- [Data excerpts]
===

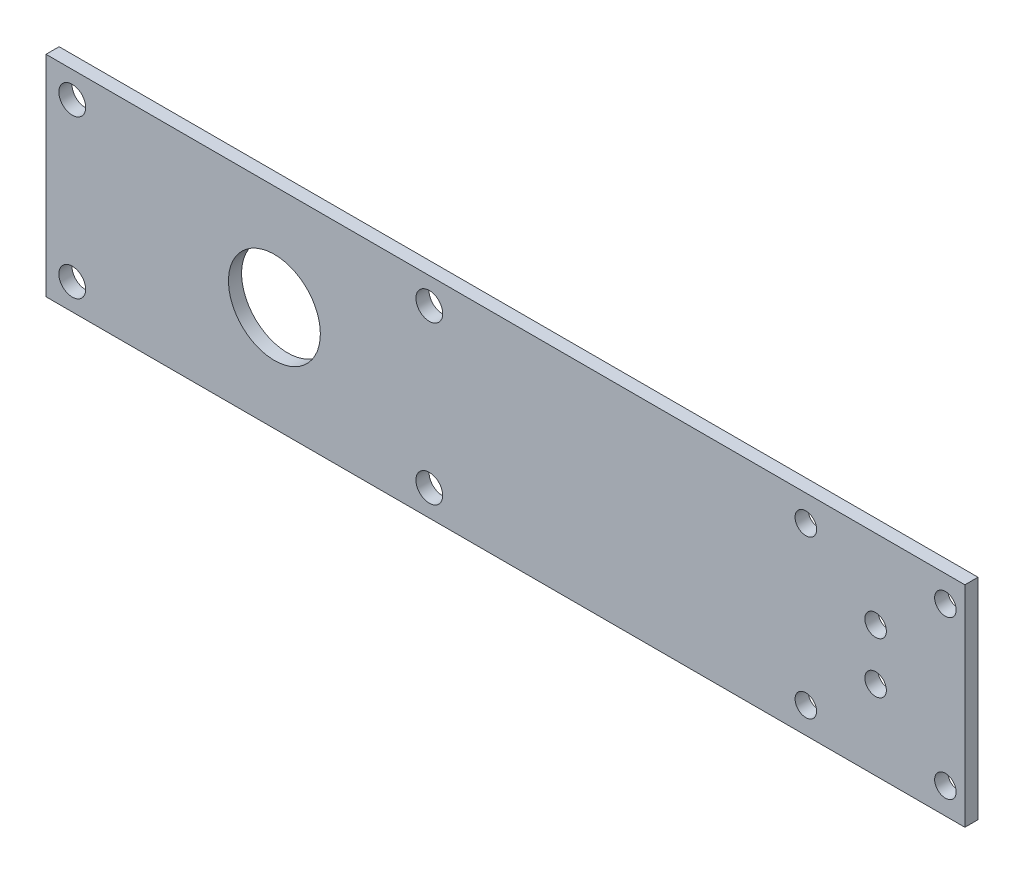
SolidWorks part; units mm, degrees
ref_plane "Front Plane" through (0, 0, 0) normal (0, 0, 1) x (1, 0, 0)
ref_plane "Top Plane" through (0, 0, 0) normal (0, 1, 0) x (1, 0, 0)
ref_plane "Right Plane" through (0, 0, 0) normal (1, 0, 0) x (0, 0, -1)
sketch "Sketch1" plane through (0, 0, 0) normal (0, 0, 1) x (1, 0, 0)
  line L7 (27.4154, 0) -> (-27.4154, 0) construction
  line L12 (263, -40) -> (-87, -40)
  line L13 (263, -40) -> (263, 40)
  line L14 (263, 40) -> (-87, 40)
  line L15 (-87, -40) -> (-87, 40)
  line L16 (263, -40) -> (-87, 40) construction
  line L17 (263, 40) -> (-87, -40) construction
  line L18 (0, -16.055) -> (0, 16.055) construction
  point P0 (88, 0)
  dimension "D1" = 350
  dimension "D2" = 80
  dimension "D3" = 87
extrude "Boss-Extrude1" add sketch "Sketch1" along normal blind 5
extrude "Cut-Extrude1" cut sketch "Sketch2" along normal blind 60
sketch "Sketch2" plane through (211.3258, -35.2622, -13.2427) normal (0, 0, 1) x (1, 0, 0)
  line L0 (-191.5137, 35.2622) -> (-231.1379, 35.2622) construction
  circle A5 centre (-211.3258, 35.2622) radius 17.5
  dimension "D1" = 35
extrude "Cut-Extrude2" cut sketch "Sketch3" along normal blind 10
sketch "Sketch3" plane through (20.8195, -63.6397, 0) normal (0, 0, 1) x (1, 0, 0)
  line L1 (-1.0074, 63.6397) -> (-40.6316, 63.6397) construction
  line L2 (154.1805, 63.6397) -> (-195.8195, 63.6397) construction
  line L3 (154.1805, 23.6397) -> (154.1805, 103.6397) construction
  line L4 (-195.8195, 103.6397) -> (-195.8195, 23.6397) construction
  line L5 (-20.8195, 54.6861) -> (-20.8195, 72.5933) construction
  circle A0 centre (-97.8195, 93.6397) radius 5.1
  circle A1 centre (38.1805, 33.6397) radius 5.1
  circle A3 centre (38.1805, 93.6397) radius 5.1
  circle A4 centre (-97.8195, 33.6397) radius 5.1
  point P1 (134.1805, 63.6397)
  dimension "D1" = 10.2
  dimension "D2" = 60
  dimension "D3" = 77
  dimension "D4" = 136
sketch "Sketch5" plane through (0, 0, 0) normal (0, 0, 1) x (1, 0, 0)
  line L0 (263, -40) -> (263, 40) construction
  line L1 (263, 0) -> (-87, 0) construction
  line L2 (-87, 40) -> (-87, -40) construction
  line L3 (229, 9.75) -> (229, -9.75) construction
  circle A0 centre (229, 9.75) radius 4.1
  circle A1 centre (229, -9.75) radius 4.1
  point P4 (229, 0)
  dimension "D2" = 8.2
  dimension "D1" = 34
  dimension "D4" = 19.5
extrude "Cut-Extrude3" cut sketch "Sketch5" along normal through all
sketch "Sketch7" plane through (0, 0, 0) normal (0, 0, 1) x (1, 0, 0)
  line L0 (19.8121, 0) -> (-19.8121, 0) construction
  line L2 (-87, -40) -> (263, -40) construction
  line L3 (263, 40) -> (195, 40) construction
  line L4 (263, 40) -> (263, -40) construction
  line L5 (263, -40) -> (195, -40) construction
  line L6 (195, 40) -> (195, -40) construction
  line L7 (229, 40) -> (229, -40) construction
  circle A0 centre (202.42, 30) radius 4.1
  circle A1 centre (202.42, -30) radius 4.1
  circle A2 centre (255.58, -30) radius 4.1
  circle A3 centre (255.58, 30) radius 4.1
  dimension "D1" = 8.2
  dimension "D2" = 30
  dimension "D3" = 68
extrude "Cut-Extrude5" cut sketch "Sketch7" along normal through all
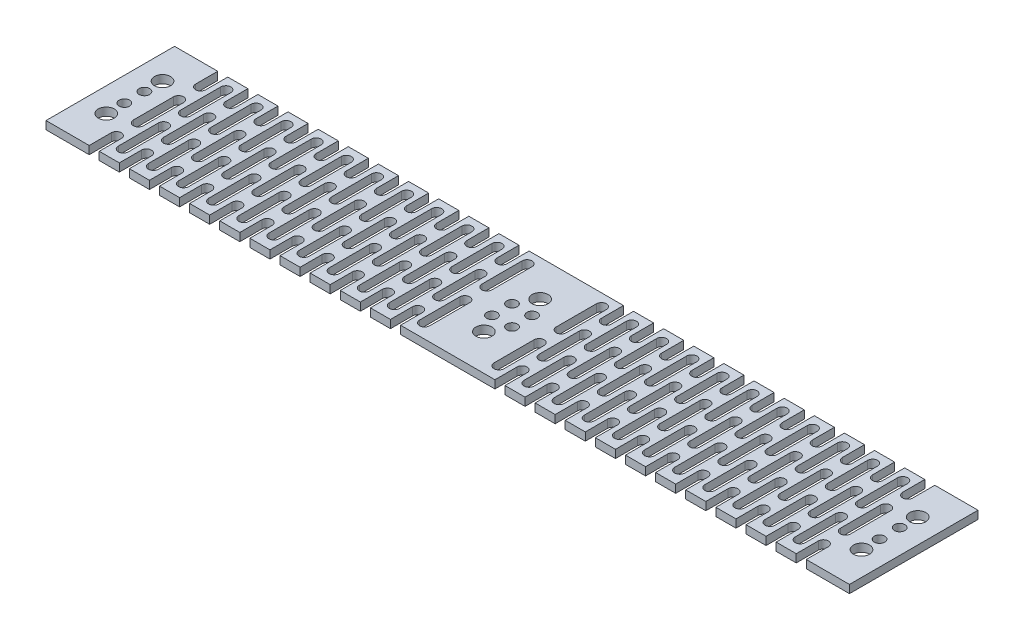
SolidWorks part; units mm, degrees
ref_plane "정면" through (0, 0, 0) normal (0, 0, 1) x (1, 0, 0)
ref_plane "윗면" through (0, 0, 0) normal (0, 1, 0) x (1, 0, 0)
ref_plane "우측면" through (0, 0, 0) normal (1, 0, 0) x (0, 0, -1)
sketch "스케치1" plane through (0, 0, 0) normal (0, 1, 0) x (1, 0, 0)
  line L1 (-50, 8) -> (50, 8)
  line L2 (-50, 8) -> (-50, -8)
  line L3 (-50, -8) -> (50, -8)
  line L4 (50, 8) -> (50, -8)
  dimension "D3" = 50
  dimension "D1" = 16
  dimension "D2" = 100
  dimension "D4" = 8
extrude "보스-돌출1" add sketch "스케치1" along normal blind 1 contours L1 L4 L3 L2
sketch "스케치2" plane through (0, 1, 0) normal (0, 1, 0) x (1, 0, 0)
  line L4 (50, 8) -> (50, -8) construction
  line L5 (-52.7608, 0) -> (58.8086, 0) construction
  line L6 (0, 14.085) -> (0, -13.5662) construction
  circle A2 centre (47, 3.5) radius 1
  circle A3 centre (0, 3.5) radius 1
  circle A4 centre (-47, 3.5) radius 1
  circle A8 centre (47, 1.25) radius 0.65
  circle A11 centre (-47, 1.25) radius 0.65
  circle A12 centre (47, -6.5) radius 1 [skipped]
  circle A13 centre (0, -6.5) radius 1 [skipped]
  circle A14 centre (-47, -6.5) radius 1 [skipped]
  circle A16 centre (1.25, 1.25) radius 0.65
  circle A17 centre (-1.25, 1.25) radius 0.65
  circle A18 centre (47, -1.25) radius 0.65
  circle A19 centre (47, -3.5) radius 1
  circle A20 centre (-1.25, -1.25) radius 0.65
  circle A21 centre (1.25, -1.25) radius 0.65
  circle A22 centre (0, -3.5) radius 1
  circle A23 centre (-47, -1.25) radius 0.65
  circle A24 centre (-47, -3.5) radius 1
  dimension "D4" = 2
  dimension "D9" = 1.3
  dimension "D11" = 2
  dimension "D5" = 3
  dimension "D6" = 3.5
  dimension "D10" = 1.25
  dimension "D12" = 2
  dimension "D7" = 3
  dimension "D8" = 2
extrude "컷-돌출1" cut sketch "스케치2" against normal through all
sketch "스케치3" plane through (0, 1, 0) normal (0, 1, 0) x (1, 0, 0)
  line L0 (44, 2.5) -> (44, -2.5) construction
  line L1 (44.625, 2.5) -> (44.625, -2.5)
  line L2 (43.375, 2.5) -> (43.375, -2.5)
  line L3 (-50, 8) -> (50, 8) construction
  line L4 (50, 8) -> (50, -8) construction
  line L5 (40.25, 2.5) -> (40.25, -2.5) construction
  line L6 (40.875, 2.5) -> (40.875, -2.5)
  line L7 (39.625, 2.5) -> (39.625, -2.5)
  line L8 (36.5, 2.5) -> (36.5, -2.5) construction
  line L9 (37.125, 2.5) -> (37.125, -2.5)
  line L10 (35.875, 2.5) -> (35.875, -2.5)
  line L11 (32.75, 2.5) -> (32.75, -2.5) construction
  line L12 (33.375, 2.5) -> (33.375, -2.5)
  line L13 (32.125, 2.5) -> (32.125, -2.5)
  line L14 (29, 2.5) -> (29, -2.5) construction
  line L15 (29.625, 2.5) -> (29.625, -2.5)
  line L16 (28.375, 2.5) -> (28.375, -2.5)
  line L17 (25.25, 2.5) -> (25.25, -2.5) construction
  line L18 (25.875, 2.5) -> (25.875, -2.5)
  line L19 (24.625, 2.5) -> (24.625, -2.5)
  line L20 (21.5, 2.5) -> (21.5, -2.5) construction
  line L21 (22.125, 2.5) -> (22.125, -2.5)
  line L22 (20.875, 2.5) -> (20.875, -2.5)
  line L23 (17.75, 2.5) -> (17.75, -2.5) construction
  line L24 (18.375, 2.5) -> (18.375, -2.5)
  line L25 (17.125, 2.5) -> (17.125, -2.5)
  line L26 (14, 2.5) -> (14, -2.5) construction
  line L27 (14.625, 2.5) -> (14.625, -2.5)
  line L28 (13.375, 2.5) -> (13.375, -2.5)
  line L29 (10.25, 2.5) -> (10.25, -2.5) construction
  line L30 (10.875, 2.5) -> (10.875, -2.5)
  line L31 (9.625, 2.5) -> (9.625, -2.5)
  line L32 (6.5, 2.5) -> (6.5, -2.5) construction
  line L33 (7.125, 2.5) -> (7.125, -2.5)
  line L34 (5.875, 2.5) -> (5.875, -2.5)
  line L35 (40.25, 10.25) -> (40.25, 5.25) construction
  line L36 (40.875, 10.25) -> (40.875, 5.25)
  line L37 (39.625, 10.25) -> (39.625, 5.25)
  line L38 (36.5, 10.25) -> (36.5, 5.25) construction
  line L39 (37.125, 10.25) -> (37.125, 5.25)
  line L40 (35.875, 10.25) -> (35.875, 5.25)
  line L41 (32.75, 10.25) -> (32.75, 5.25) construction
  line L42 (33.375, 10.25) -> (33.375, 5.25)
  line L43 (32.125, 10.25) -> (32.125, 5.25)
  line L44 (29, 10.25) -> (29, 5.25) construction
  line L45 (29.625, 10.25) -> (29.625, 5.25)
  line L46 (28.375, 10.25) -> (28.375, 5.25)
  line L47 (25.25, 10.25) -> (25.25, 5.25) construction
  line L48 (25.875, 10.25) -> (25.875, 5.25)
  line L49 (24.625, 10.25) -> (24.625, 5.25)
  line L50 (21.5, 10.25) -> (21.5, 5.25) construction
  line L51 (22.125, 10.25) -> (22.125, 5.25)
  line L52 (20.875, 10.25) -> (20.875, 5.25)
  line L53 (17.75, 10.25) -> (17.75, 5.25) construction
  line L54 (18.375, 10.25) -> (18.375, 5.25)
  line L55 (17.125, 10.25) -> (17.125, 5.25)
  line L56 (14, 10.25) -> (14, 5.25) construction
  line L57 (14.625, 10.25) -> (14.625, 5.25)
  line L58 (13.375, 10.25) -> (13.375, 5.25)
  line L59 (10.25, 10.25) -> (10.25, 5.25) construction
  line L60 (10.875, 10.25) -> (10.875, 5.25)
  line L61 (9.625, 10.25) -> (9.625, 5.25)
  line L62 (6.5, 10.25) -> (6.5, 5.25) construction
  line L63 (7.125, 10.25) -> (7.125, 5.25)
  line L64 (5.875, 10.25) -> (5.875, 5.25)
  line L65 (44, 10.25) -> (44, 5.25) construction
  line L66 (44.625, 10.25) -> (44.625, 5.25)
  line L67 (43.375, 10.25) -> (43.375, 5.25)
  line L68 (0, 0) -> (57.0875, 0) construction
  line L69 (-52.7608, 0) -> (58.8086, 0) construction
  line L70 (44, -10.25) -> (44, -5.25) construction
  line L71 (44.625, -10.25) -> (44.625, -5.25)
  line L72 (43.375, -10.25) -> (43.375, -5.25)
  line L73 (6.5, -10.25) -> (6.5, -5.25) construction
  line L74 (7.125, -10.25) -> (7.125, -5.25)
  line L75 (5.875, -10.25) -> (5.875, -5.25)
  line L76 (10.25, -10.25) -> (10.25, -5.25) construction
  line L77 (10.875, -10.25) -> (10.875, -5.25)
  line L78 (9.625, -10.25) -> (9.625, -5.25)
  line L79 (14, -10.25) -> (14, -5.25) construction
  line L80 (14.625, -10.25) -> (14.625, -5.25)
  line L81 (13.375, -10.25) -> (13.375, -5.25)
  line L82 (17.75, -10.25) -> (17.75, -5.25) construction
  line L83 (18.375, -10.25) -> (18.375, -5.25)
  line L84 (17.125, -10.25) -> (17.125, -5.25)
  line L85 (21.5, -10.25) -> (21.5, -5.25) construction
  line L86 (22.125, -10.25) -> (22.125, -5.25)
  line L87 (20.875, -10.25) -> (20.875, -5.25)
  line L88 (25.25, -10.25) -> (25.25, -5.25) construction
  line L89 (25.875, -10.25) -> (25.875, -5.25)
  line L90 (24.625, -10.25) -> (24.625, -5.25)
  line L91 (29, -10.25) -> (29, -5.25) construction
  line L92 (29.625, -10.25) -> (29.625, -5.25)
  line L93 (28.375, -10.25) -> (28.375, -5.25)
  line L94 (32.75, -10.25) -> (32.75, -5.25) construction
  line L95 (33.375, -10.25) -> (33.375, -5.25)
  line L96 (32.125, -10.25) -> (32.125, -5.25)
  line L97 (36.5, -10.25) -> (36.5, -5.25) construction
  line L98 (37.125, -10.25) -> (37.125, -5.25)
  line L99 (35.875, -10.25) -> (35.875, -5.25)
  line L100 (40.25, -10.25) -> (40.25, -5.25) construction
  line L101 (40.875, -10.25) -> (40.875, -5.25)
  line L102 (39.625, -10.25) -> (39.625, -5.25)
  line L103 (42.125, -1.25) -> (42.125, -6.25) construction
  line L104 (42.75, -1.25) -> (42.75, -6.25)
  line L105 (41.5, -1.25) -> (41.5, -6.25)
  line L106 (38.375, -1.25) -> (38.375, -6.25) construction
  line L107 (39, -1.25) -> (39, -6.25)
  line L108 (37.75, -1.25) -> (37.75, -6.25)
  line L109 (34.625, -1.25) -> (34.625, -6.25) construction
  line L110 (35.25, -1.25) -> (35.25, -6.25)
  line L111 (34, -1.25) -> (34, -6.25)
  line L112 (30.875, -1.25) -> (30.875, -6.25) construction
  line L113 (31.5, -1.25) -> (31.5, -6.25)
  line L114 (30.25, -1.25) -> (30.25, -6.25)
  line L115 (27.125, -1.25) -> (27.125, -6.25) construction
  line L116 (27.75, -1.25) -> (27.75, -6.25)
  line L117 (26.5, -1.25) -> (26.5, -6.25)
  line L118 (23.375, -1.25) -> (23.375, -6.25) construction
  line L119 (24, -1.25) -> (24, -6.25)
  line L120 (22.75, -1.25) -> (22.75, -6.25)
  line L121 (19.625, -1.25) -> (19.625, -6.25) construction
  line L122 (20.25, -1.25) -> (20.25, -6.25)
  line L123 (19, -1.25) -> (19, -6.25)
  line L124 (15.875, -1.25) -> (15.875, -6.25) construction
  line L125 (16.5, -1.25) -> (16.5, -6.25)
  line L126 (15.25, -1.25) -> (15.25, -6.25)
  line L127 (12.125, -1.25) -> (12.125, -6.25) construction
  line L128 (12.75, -1.25) -> (12.75, -6.25)
  line L129 (11.5, -1.25) -> (11.5, -6.25)
  line L130 (8.375, -1.25) -> (8.375, -6.25) construction
  line L131 (9, -1.25) -> (9, -6.25)
  line L132 (7.75, -1.25) -> (7.75, -6.25)
  line L133 (4.625, -1.25) -> (4.625, -6.25) construction
  line L134 (5.25, -1.25) -> (5.25, -6.25)
  line L135 (4, -1.25) -> (4, -6.25)
  line L136 (38.375, 6.5) -> (38.375, 1.5) construction
  line L137 (39, 6.5) -> (39, 1.5)
  line L138 (37.75, 6.5) -> (37.75, 1.5)
  line L139 (34.625, 6.5) -> (34.625, 1.5) construction
  line L140 (35.25, 6.5) -> (35.25, 1.5)
  line L141 (34, 6.5) -> (34, 1.5)
  line L142 (30.875, 6.5) -> (30.875, 1.5) construction
  line L143 (31.5, 6.5) -> (31.5, 1.5)
  line L144 (30.25, 6.5) -> (30.25, 1.5)
  line L145 (27.125, 6.5) -> (27.125, 1.5) construction
  line L146 (27.75, 6.5) -> (27.75, 1.5)
  line L147 (26.5, 6.5) -> (26.5, 1.5)
  line L148 (23.375, 6.5) -> (23.375, 1.5) construction
  line L149 (24, 6.5) -> (24, 1.5)
  line L150 (22.75, 6.5) -> (22.75, 1.5)
  line L151 (19.625, 6.5) -> (19.625, 1.5) construction
  line L152 (20.25, 6.5) -> (20.25, 1.5)
  line L153 (19, 6.5) -> (19, 1.5)
  line L154 (15.875, 6.5) -> (15.875, 1.5) construction
  line L155 (16.5, 6.5) -> (16.5, 1.5)
  line L156 (15.25, 6.5) -> (15.25, 1.5)
  line L157 (12.125, 6.5) -> (12.125, 1.5) construction
  line L158 (12.75, 6.5) -> (12.75, 1.5)
  line L159 (11.5, 6.5) -> (11.5, 1.5)
  line L160 (8.375, 6.5) -> (8.375, 1.5) construction
  line L161 (9, 6.5) -> (9, 1.5)
  line L162 (7.75, 6.5) -> (7.75, 1.5)
  line L163 (4.625, 6.5) -> (4.625, 1.5) construction
  line L164 (5.25, 6.5) -> (5.25, 1.5)
  line L165 (4, 6.5) -> (4, 1.5)
  line L166 (42.125, 6.5) -> (42.125, 1.5) construction
  line L167 (42.75, 6.5) -> (42.75, 1.5)
  line L168 (41.5, 6.5) -> (41.5, 1.5)
  line L169 (0, 14.085) -> (0, -13.5662) construction
  line L170 (-42.125, 6.5) -> (-42.125, 1.5) construction
  line L171 (-42.75, 6.5) -> (-42.75, 1.5)
  line L172 (-41.5, 6.5) -> (-41.5, 1.5)
  line L173 (-4.625, 6.5) -> (-4.625, 1.5) construction
  line L174 (-5.25, 6.5) -> (-5.25, 1.5)
  line L175 (-4, 6.5) -> (-4, 1.5)
  line L176 (-8.375, 6.5) -> (-8.375, 1.5) construction
  line L177 (-9, 6.5) -> (-9, 1.5)
  line L178 (-7.75, 6.5) -> (-7.75, 1.5)
  line L179 (-12.125, 6.5) -> (-12.125, 1.5) construction
  line L180 (-12.75, 6.5) -> (-12.75, 1.5)
  line L181 (-11.5, 6.5) -> (-11.5, 1.5)
  line L182 (-15.875, 6.5) -> (-15.875, 1.5) construction
  line L183 (-16.5, 6.5) -> (-16.5, 1.5)
  line L184 (-15.25, 6.5) -> (-15.25, 1.5)
  line L185 (-19.625, 6.5) -> (-19.625, 1.5) construction
  line L186 (-20.25, 6.5) -> (-20.25, 1.5)
  line L187 (-19, 6.5) -> (-19, 1.5)
  line L188 (-23.375, 6.5) -> (-23.375, 1.5) construction
  line L189 (-24, 6.5) -> (-24, 1.5)
  line L190 (-22.75, 6.5) -> (-22.75, 1.5)
  line L191 (-27.125, 6.5) -> (-27.125, 1.5) construction
  line L192 (-27.75, 6.5) -> (-27.75, 1.5)
  line L193 (-26.5, 6.5) -> (-26.5, 1.5)
  line L194 (-30.875, 6.5) -> (-30.875, 1.5) construction
  line L195 (-31.5, 6.5) -> (-31.5, 1.5)
  line L196 (-30.25, 6.5) -> (-30.25, 1.5)
  line L197 (-34.625, 6.5) -> (-34.625, 1.5) construction
  line L198 (-35.25, 6.5) -> (-35.25, 1.5)
  line L199 (-34, 6.5) -> (-34, 1.5)
  line L200 (-38.375, 6.5) -> (-38.375, 1.5) construction
  line L201 (-39, 6.5) -> (-39, 1.5)
  line L202 (-37.75, 6.5) -> (-37.75, 1.5)
  line L203 (-4.625, -1.25) -> (-4.625, -6.25) construction
  line L204 (-5.25, -1.25) -> (-5.25, -6.25)
  line L205 (-4, -1.25) -> (-4, -6.25)
  line L206 (-8.375, -1.25) -> (-8.375, -6.25) construction
  line L207 (-9, -1.25) -> (-9, -6.25)
  line L208 (-7.75, -1.25) -> (-7.75, -6.25)
  line L209 (-12.125, -1.25) -> (-12.125, -6.25) construction
  line L210 (-12.75, -1.25) -> (-12.75, -6.25)
  line L211 (-11.5, -1.25) -> (-11.5, -6.25)
  line L212 (-15.875, -1.25) -> (-15.875, -6.25) construction
  line L213 (-16.5, -1.25) -> (-16.5, -6.25)
  line L214 (-15.25, -1.25) -> (-15.25, -6.25)
  line L215 (-19.625, -1.25) -> (-19.625, -6.25) construction
  line L216 (-20.25, -1.25) -> (-20.25, -6.25)
  line L217 (-19, -1.25) -> (-19, -6.25)
  line L218 (-23.375, -1.25) -> (-23.375, -6.25) construction
  line L219 (-24, -1.25) -> (-24, -6.25)
  line L220 (-22.75, -1.25) -> (-22.75, -6.25)
  line L221 (-27.125, -1.25) -> (-27.125, -6.25) construction
  line L222 (-27.75, -1.25) -> (-27.75, -6.25)
  line L223 (-26.5, -1.25) -> (-26.5, -6.25)
  line L224 (-30.875, -1.25) -> (-30.875, -6.25) construction
  line L225 (-31.5, -1.25) -> (-31.5, -6.25)
  line L226 (-30.25, -1.25) -> (-30.25, -6.25)
  line L227 (-34.625, -1.25) -> (-34.625, -6.25) construction
  line L228 (-35.25, -1.25) -> (-35.25, -6.25)
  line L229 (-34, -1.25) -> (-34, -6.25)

===

- [The problem]
Reprint exactly the lines above that start at the one with "line L14 (29, 2.5)" and end at the one with "line L59 (10.25, 10.25)", keeping both and adding none.

- [Answer]
  line L14 (29, 2.5) -> (29, -2.5) construction
  line L15 (29.625, 2.5) -> (29.625, -2.5)
  line L16 (28.375, 2.5) -> (28.375, -2.5)
  line L17 (25.25, 2.5) -> (25.25, -2.5) construction
  line L18 (25.875, 2.5) -> (25.875, -2.5)
  line L19 (24.625, 2.5) -> (24.625, -2.5)
  line L20 (21.5, 2.5) -> (21.5, -2.5) construction
  line L21 (22.125, 2.5) -> (22.125, -2.5)
  line L22 (20.875, 2.5) -> (20.875, -2.5)
  line L23 (17.75, 2.5) -> (17.75, -2.5) construction
  line L24 (18.375, 2.5) -> (18.375, -2.5)
  line L25 (17.125, 2.5) -> (17.125, -2.5)
  line L26 (14, 2.5) -> (14, -2.5) construction
  line L27 (14.625, 2.5) -> (14.625, -2.5)
  line L28 (13.375, 2.5) -> (13.375, -2.5)
  line L29 (10.25, 2.5) -> (10.25, -2.5) construction
  line L30 (10.875, 2.5) -> (10.875, -2.5)
  line L31 (9.625, 2.5) -> (9.625, -2.5)
  line L32 (6.5, 2.5) -> (6.5, -2.5) construction
  line L33 (7.125, 2.5) -> (7.125, -2.5)
  line L34 (5.875, 2.5) -> (5.875, -2.5)
  line L35 (40.25, 10.25) -> (40.25, 5.25) construction
  line L36 (40.875, 10.25) -> (40.875, 5.25)
  line L37 (39.625, 10.25) -> (39.625, 5.25)
  line L38 (36.5, 10.25) -> (36.5, 5.25) construction
  line L39 (37.125, 10.25) -> (37.125, 5.25)
  line L40 (35.875, 10.25) -> (35.875, 5.25)
  line L41 (32.75, 10.25) -> (32.75, 5.25) construction
  line L42 (33.375, 10.25) -> (33.375, 5.25)
  line L43 (32.125, 10.25) -> (32.125, 5.25)
  line L44 (29, 10.25) -> (29, 5.25) construction
  line L45 (29.625, 10.25) -> (29.625, 5.25)
  line L46 (28.375, 10.25) -> (28.375, 5.25)
  line L47 (25.25, 10.25) -> (25.25, 5.25) construction
  line L48 (25.875, 10.25) -> (25.875, 5.25)
  line L49 (24.625, 10.25) -> (24.625, 5.25)
  line L50 (21.5, 10.25) -> (21.5, 5.25) construction
  line L51 (22.125, 10.25) -> (22.125, 5.25)
  line L52 (20.875, 10.25) -> (20.875, 5.25)
  line L53 (17.75, 10.25) -> (17.75, 5.25) construction
  line L54 (18.375, 10.25) -> (18.375, 5.25)
  line L55 (17.125, 10.25) -> (17.125, 5.25)
  line L56 (14, 10.25) -> (14, 5.25) construction
  line L57 (14.625, 10.25) -> (14.625, 5.25)
  line L58 (13.375, 10.25) -> (13.375, 5.25)
  line L59 (10.25, 10.25) -> (10.25, 5.25) construction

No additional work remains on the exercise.